# TO DO
State how many lines of the data below hold the string "Resistance", giving nothing but the number.

(Data entries)
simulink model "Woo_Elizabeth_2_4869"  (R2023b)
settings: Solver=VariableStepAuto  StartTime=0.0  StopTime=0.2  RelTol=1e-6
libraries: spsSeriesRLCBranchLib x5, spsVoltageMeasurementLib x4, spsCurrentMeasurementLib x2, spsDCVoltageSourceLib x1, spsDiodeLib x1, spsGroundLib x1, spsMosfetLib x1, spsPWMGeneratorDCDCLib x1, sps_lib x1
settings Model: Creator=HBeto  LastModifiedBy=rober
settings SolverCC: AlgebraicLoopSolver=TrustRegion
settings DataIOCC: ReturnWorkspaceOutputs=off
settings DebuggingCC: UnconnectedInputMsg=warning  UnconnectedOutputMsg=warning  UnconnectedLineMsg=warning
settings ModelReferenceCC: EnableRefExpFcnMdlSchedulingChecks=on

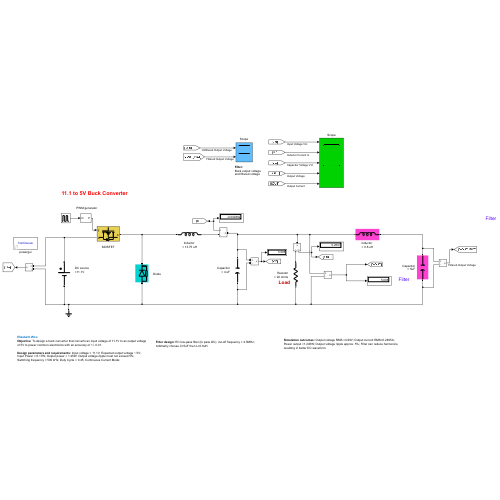
[thumbnail: Simulink's stored preview of the top-level diagram]
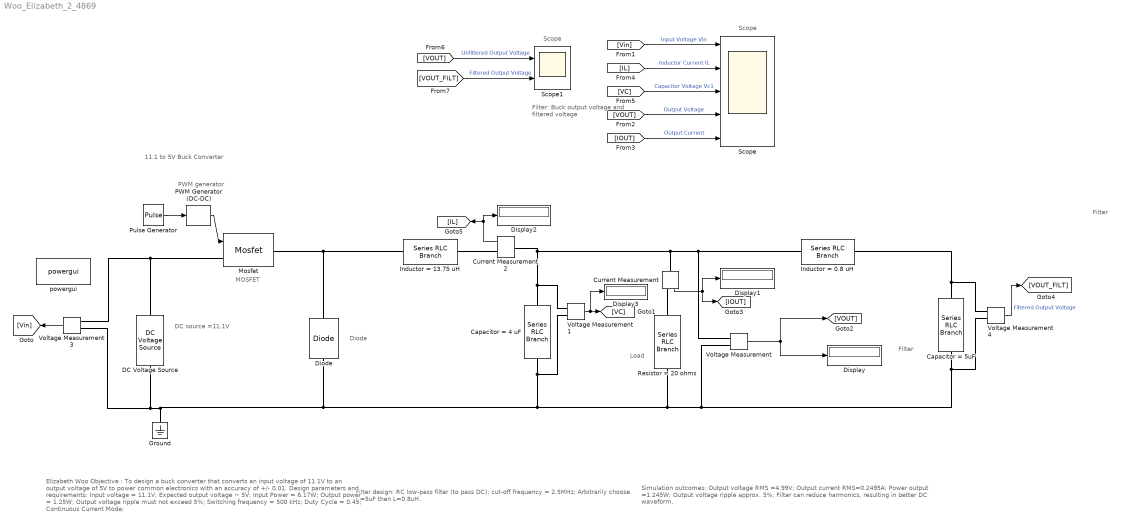
== system Woo_Elizabeth_2_4869 ==
  note: Load
  note: Scope
  note: Simulation outcomes: Output voltage RMS =4.99V; Output current RMS=0.2495A; Power output =1.245W; Output voltage ripple approx. 5%; Filter can reduce harmonics, resulting in better DC waveform.
  note: Filter design: RC low-pass filter (to pass DC); cut-off frequency = 2.5MHz;
      | Arbitrarily choose C=5uF then L=0.8uH.
  note: Filter
  note: DC source
      | =11.1V
  note: Filter:
      | Buck output voltage
      | and filtered voltage
  note: Scope
  note: Elizabeth Woo
      | Objective : To design a buck converter that converts an input voltage of 11.1V to an output voltage of 5V to power common electronics with an accuracy of +/- 0.01.
      |
      | Design parameters and requirements: Input voltage = 11.1V; Expected output voltage ~ 5V; Input Power = 6.17W; Output power = 1.25W; Output voltage ripple must not exceed 5%; Switching frequency = 500 kHz; Duty Cycle = 0.45; Continuous Current Mode;
  note: Diode
  note: MOSFET
  note: PWM generator
  note: 11.1 to 5V Buck Converter
  note: Filter
  Capacitor = 4 uF : spsSeriesRLCBranchLib/Series RLC Branch  LConnTagsString=__new0  RConnTagsString=__new0  BranchType=C  Resistance=0  Inductance=1e-3  SetiL0=off  InitialCurrent=0  Capacitance=3.3e-6  Setx0=off  InitialVoltage=0  Measurements=None
  Capacitor = 5uF : spsSeriesRLCBranchLib/Series RLC Branch  LConnTagsString=__new0  RConnTagsString=__new0  BranchType=C  Resistance=0  Inductance=1e-3  SetiL0=off  InitialCurrent=0  Capacitance=100e-9  Setx0=off  InitialVoltage=0  Measurements=None
  Current Measurement : spsCurrentMeasurementLib/Current Measurement  PhasorSimulation=off  OutputType=Complex  PSBequivalent=0
  Current Measurement2 : spsCurrentMeasurementLib/Current Measurement  PhasorSimulation=off  OutputType=Complex  PSBequivalent=0
  DC Voltage Source : spsDCVoltageSourceLib/DC Voltage Source  Amplitude=11.1  Measurements=None
  Diode : spsDiodeLib/Diode  Ron=0.001  Lon=0  Vf=0  IC=0  UseSnubber=0  Rs=500  Cs=250e-9  Measurements=off
  Display{,1..3} (4 alike) : Display
  Ground : spsGroundLib/Ground  LConnTagsString=a
  Inductor = 0.8 uH : spsSeriesRLCBranchLib/Series RLC Branch  LConnTagsString=__new0  RConnTagsString=__new0  BranchType=L  Resistance=0  Inductance=13.75e-6  SetiL0=off  InitialCurrent=0  Capacitance=0  Setx0=off  InitialVoltage=0  Measurements=None
  Inductor = 13.75 uH : spsSeriesRLCBranchLib/Series RLC Branch  LConnTagsString=__new0  RConnTagsString=__new0  BranchType=L  Resistance=0  Inductance=13.75e-6  SetiL0=off  InitialCurrent=0  Capacitance=0  Setx0=off  InitialVoltage=0  Measurements=None
  Mosfet : spsMosfetLib/Mosfet  Ron=0.1  Lon=0  Rd=0.01  Vfd=0  IC=0  Rs=1e5  Cs=inf  Measurements=off
  PWM Generator (DC-DC) : spsPWMGeneratorDCDCLib/PWM Generator (DC-DC)  Fsw=20000  Ts=0
  Pulse Generator : DiscretePulseGenerator  PulseType=Time based  Period=1/500000  PulseWidth=0.45*100
  Resistor = 20 ohms : spsSeriesRLCBranchLib/Series RLC Branch  LConnTagsString=__new0  RConnTagsString=__new0  BranchType=R  Resistance=20  Inductance=1e-3  SetiL0=off  InitialCurrent=0  Capacitance=1e-6  Setx0=off  InitialVoltage=0  Measurements=None
  Scope : Scope  NumInputPorts=5
  Scope1 : Scope  NumInputPorts=2
  Voltage Measurement{,1,3..4} (4 alike) : spsVoltageMeasurementLib/Voltage Measurement  PhasorSimulation=off  OutputType=Complex  PSBequivalent=0
  powergui : sps_lib/powergui  Priority=1  SimulationMode=Continuous  SampleTime=50e-6  frequency=60  Iterations=50  frequencyindice=0  Pbase=100e6  ErrMax=1e-4  UnitsV=kV  UnitsW=MW  buscounter=0  FunctionMessages=off  echomessages=off  EnableUseOfTLC=off  CurrentSourceSwitches=off  DisableSnubberDevices=off  DisableRonSwitches=off  DisableVfSwitches=off  DisplayEquations=off  AutomaticDiscreteSolvers=off  SolverType=Tustin/Backward Euler (TBE)  Interpol=off  ExternalGateDelay=off  methode=off  Ts=100  x0status=blocks  SPID=on  SwTol=0  HookPort=off  NonlinearTolerance=1e-4  nMaxIteration=100  ContinueOnMaxIteration=off  RestoreLinks=warning  ResistiveCurrentMeasurement=off  Frange=[0:2:500]  Ylog=off  Xlog=on  ShowGrid=off  save=off  variable=ZData  structure=OutputVoltage  ZoomFFT=off  StartTime=0.19  cycles=100  DisplayStyle=1  fundamental=20000  FreqAxis=off  MaxFrequency=100000  frequencyindicesteady=1  RmsSteady=1  display=off
  wires:
  Voltage Measurement/1 -> [VOUT], Display/1
  Current Measurement/1 -> Display1/1, [IOUT]
  [Vin] -> Scope/1  "Input Voltage Vin"
  [IL] -> Scope/2  "Inductor Current IL"
  [VC] -> Scope/3  "Capacitor Voltage Vc1"
  [VOUT] -> Scope/4  "Output Voltage"
  [IOUT] -> Scope/5  "Output Current"
  Current Measurement2/1 -> Display2/1, [IL]
  [VOUT] -> Scope1/1  "Unfiltered Output Voltage"
  PWM Generator (DC-DC)/1 -> Mosfet/1
  [VOUT_FILT] -> Scope1/2  "Filtered Output Voltage"
  Voltage Measurement3/1 -> [Vin]
  Pulse Generator/1 -> PWM Generator (DC-DC)/1
  Voltage Measurement1/1 -> Display3/1, [VC]
  Voltage Measurement4/1 -> [VOUT_FILT]  "Filtered Output Voltage"
  connections:
  Voltage Measurement1/LConn2 -- Capacitor = 4 uF/RConn1 -- Voltage Measurement4/LConn2 -- Capacitor = 5uF/RConn1 -- Voltage Measurement/LConn2 -- Resistor = 20 ohms/RConn1 -- Voltage Measurement3/LConn2 -- DC Voltage Source/LConn1 -- Ground/LConn1 -- Diode/LConn1
  Voltage Measurement/LConn1 -- Inductor = 0.8 uH/LConn1 -- Voltage Measurement1/LConn1 -- Capacitor = 4 uF/LConn1 -- Current Measurement2/LConn1 -- Current Measurement/LConn1
  Resistor = 20 ohms/LConn1 -- Current Measurement/RConn1
  Voltage Measurement3/LConn1 -- Mosfet/LConn1 -- DC Voltage Source/RConn1
  Mosfet/RConn1 -- Inductor = 13.75 uH/LConn1 -- Diode/RConn1
  Current Measurement2/RConn1 -- Inductor = 13.75 uH/RConn1
  Voltage Measurement4/LConn1 -- Inductor = 0.8 uH/RConn1 -- Capacitor = 5uF/LConn1

# OUTPUT FOR THIS TASK
5